しかし、何も起こらない。幽霊子供は、またも仔猫のような音で喋っていた。
私は気を失ったままの豊崎の肩を抱えた。この男などここでのたれ死ねばいいのだが、そうなると私にあらぬ容疑がかかるかもしれない。こんな男のせいで、私の崇高なる日常が汚されるなどあってはならない。
私は小径を戻った。幽霊子供はまだ鳴いていた。顔はまだ、認識できない。この子供の姿をした幽霊は、私に何かを訴えているのか。あるいは、これは敵意の表れなのか。声の理由はわからない。しかし、今すぐに私を攻撃する気配はなかった。
私はゆっくりと逃げた。
私の"ギフト"では、幽霊子供の修復よりも早く、膨張させることは不可能だ。対話もできず、殺せもしないなら、逃げるしかあるまい。
備えるのだ。
思えば、これは私に降りかかった「不運」だったのかもしれない。飯塚千夏は間違いなく「不運」に魅入られた少女だった。しかしそれは、必ずしも幸運でないことにはならないのではないか。私はそう思いはじめていた。
彼女は溺れるという「不運」に見舞われたが、そのおかげで練習から離脱し、熱中症を回避することができた(実はこの翌日に男子女子合わせて八人が軽度の熱中症で病院に搬送されたのだ。幽霊子供との因果は不明だが、何かあると私は思う)。
さらに、飯塚千夏はこの日の夜の「悲劇」をも回避することができた。豊崎教諭が気絶し失禁した噂が広まるのは容易に想像できることだろう。それは瞬く間にパニックを呼び、ホラー映画さながらの「悲劇」が合宿所を襲っていた。
私にとっては取るに足らないつまらないことだったが、「悲劇」は教員、生徒の間に広がっていて、まるで未知のウイルスによるパンデミックのような光景だった。

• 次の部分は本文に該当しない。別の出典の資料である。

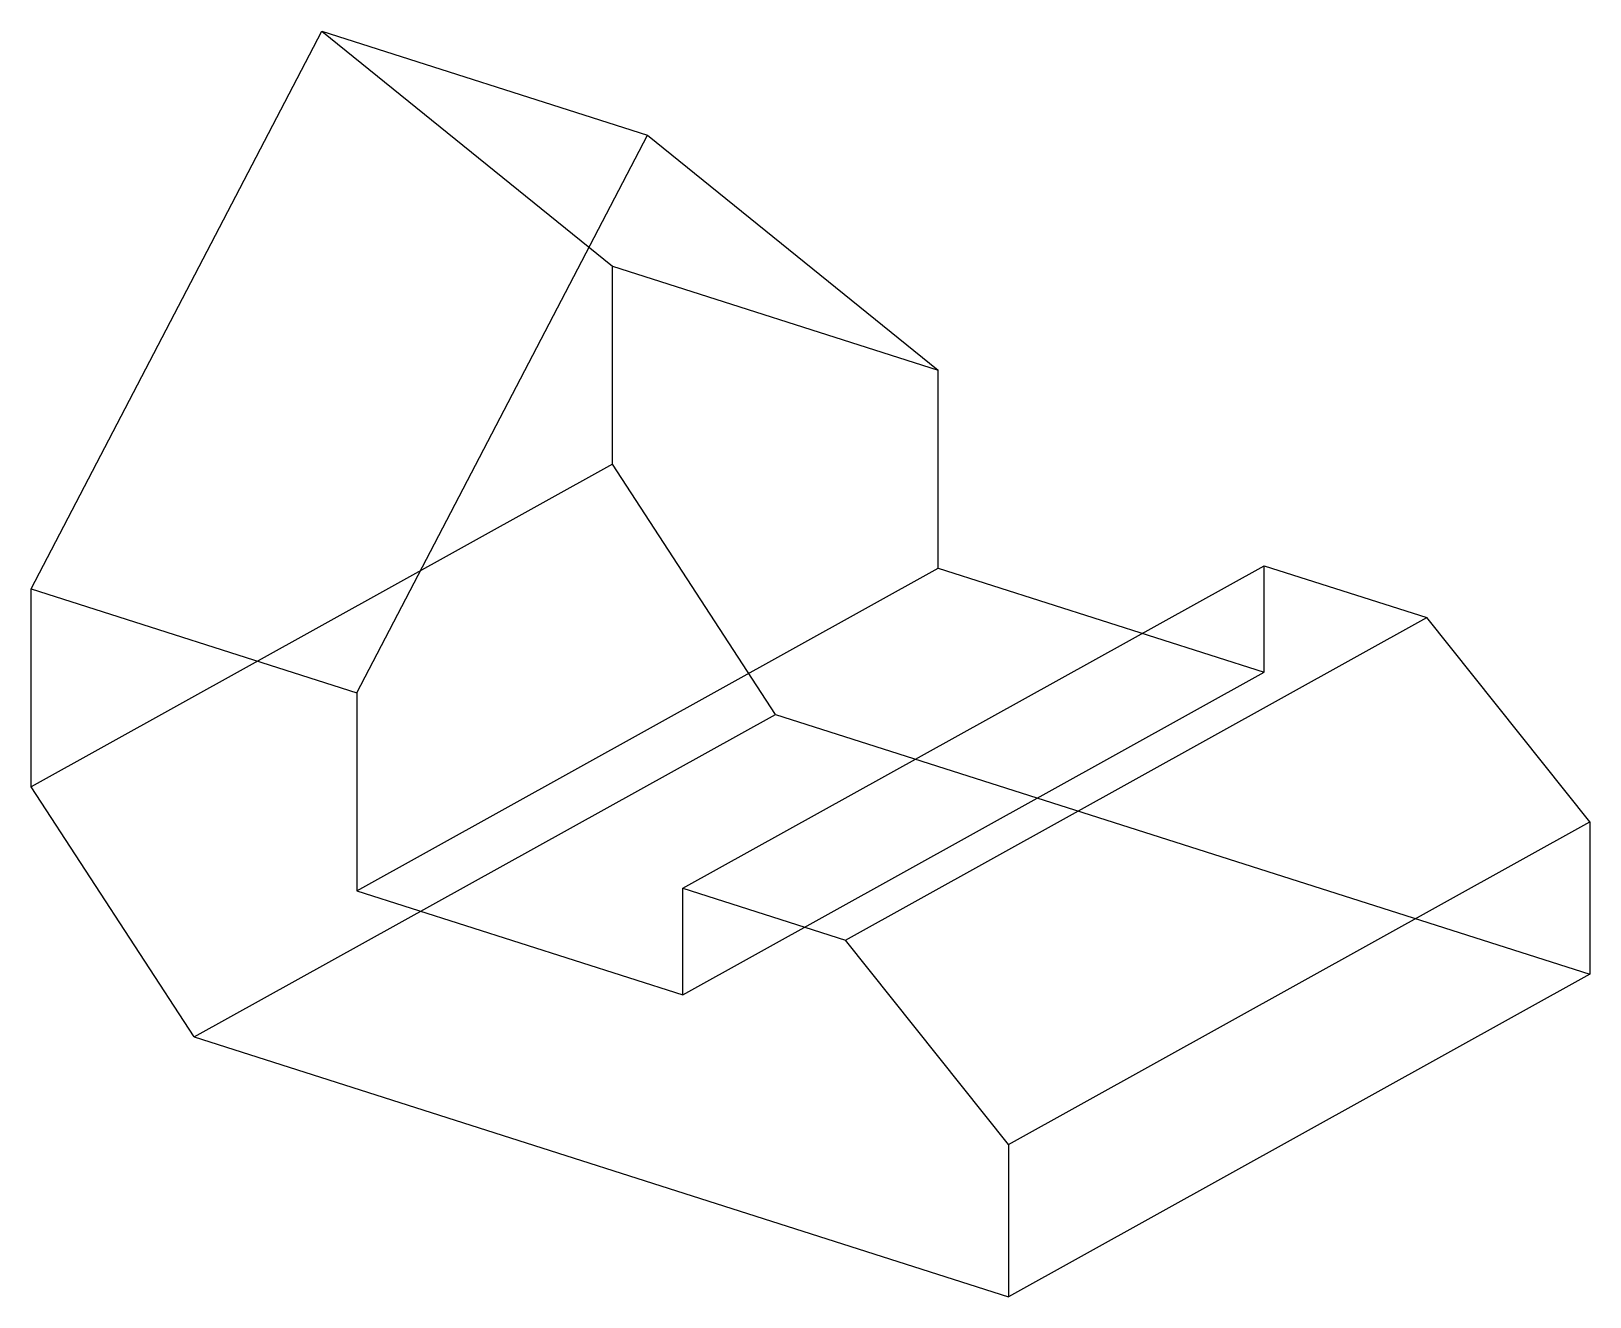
# Model space of a CAD drawing. Extents: x 150 to 334, y 48 to 198.
import ezdxf

# ---------------------------------------------------------------- set-up
doc = ezdxf.new("R2010")
doc.units = 0
doc.header["$MEASUREMENT"] = 0
doc.layers.add('2', color=255, linetype='CONTINUOUS')

msp = doc.modelspace()

# ---------------------------------------------------------------- linework, layer by layer
at = {"layer": '2', "color": 7}
for p, q in [((149.695933, 132.151376), (184.052376, 198.090826)), ((184.052376, 198.090826), (218.408819, 170.298165)), ((184.052376, 198.090826), (222.559764, 185.798567)), ((188.203321, 119.859117), (222.559764, 185.798567)), ((222.559764, 185.798567), (256.916207, 158.005906)), ((218.408819, 146.865138), (218.408819, 170.298165)), ((218.408819, 170.298165), (256.916207, 158.005906)), ((256.916207, 134.572879), (256.916207, 158.005906)), ((218.408819, 146.865138), (149.695933, 108.718349)), ((237.662513, 117.285981), (218.408819, 146.865138)), ((188.203321, 96.42609), (256.916207, 134.572879)), ((226.710709, 96.729358), (295.423595, 134.876147)), ((256.916207, 134.572879), (295.423595, 122.28062)), ((295.423595, 122.28062), (295.423595, 134.876147)), ((295.423595, 134.876147), (314.677289, 128.730017)), ((149.695933, 108.718349), (149.695933, 132.151376)), ((149.695933, 132.151376), (188.203321, 119.859117)), ((245.964403, 90.583228), (314.677289, 128.730017)), ((333.930983, 104.56961), (314.677289, 128.730017)), ((226.710709, 84.13383), (295.423595, 122.28062)), ((188.203321, 119.859117), (188.203321, 96.42609)), ((168.949627, 79.139192), (237.662513, 117.285981)), ((237.662513, 117.285981), (333.930983, 86.555333)), ((168.949627, 79.139192), (149.695933, 108.718349)), ((265.218097, 66.422821), (333.930983, 104.56961)), ((333.930983, 104.56961), (333.930983, 86.555333)), ((188.203321, 96.42609), (226.710709, 84.13383)), ((226.710709, 84.13383), (226.710709, 96.729358)), ((226.710709, 96.729358), (245.964403, 90.583228)), ((265.218097, 66.422821), (245.964403, 90.583228)), ((333.930983, 86.555333), (265.218097, 48.408544)), ((168.949627, 79.139192), (265.218097, 48.408544)), ((265.218097, 66.422821), (265.218097, 48.408544))]:
    msp.add_line(p, q, dxfattribs=at)

doc.saveas('drawing.dxf')

うんざりするその現場を、飯塚千夏は一人、体験することはなかった。パニックに陥った人間たちは、自室療養中の飯塚千夏の存在をすっかり忘れていたのだ。だから、彼女だけが、穏やかな夜を過ごすことができた。
私は考える。
飯塚千夏は「小さな不運」によって「大きな不運」を回避しているのではないか。現に彼女はパニックの「悲劇」も「熱中症」も回避した。「幸運」を捨てる代わりに「大きな不運」を回避しているのではないだろうか。
きっとそれだけではない。もしも「大きな不運」が彼女だけに降りかかっていたら、命の危険に陥っていたかもしれない。「大きな不運」を複数の他人に振り分けることで、自己防衛しているともいえる。つまり、周りにいた我々が飯塚千夏の「不運」を代わりに消費したのだ。
「不運」を他人に振り分ける能力。それが飯塚千夏の"ギフト"なのかもしれない。
くだらない考えだと思うだろう? 私もそう思う。しかし、こんなことでも考えていないと、精神がどうにかなってしまいそうなのだ。パニックの「悲劇」とはそれほど悲惨なものだ。彼ら全員を殺すわけにもいかない。私にできるのは、「不運」についての"ギフト"に思考を巡らせることと、この場の人間たちが全員、地球温暖化に抗議して焼身自殺することを願うしかできないのだ。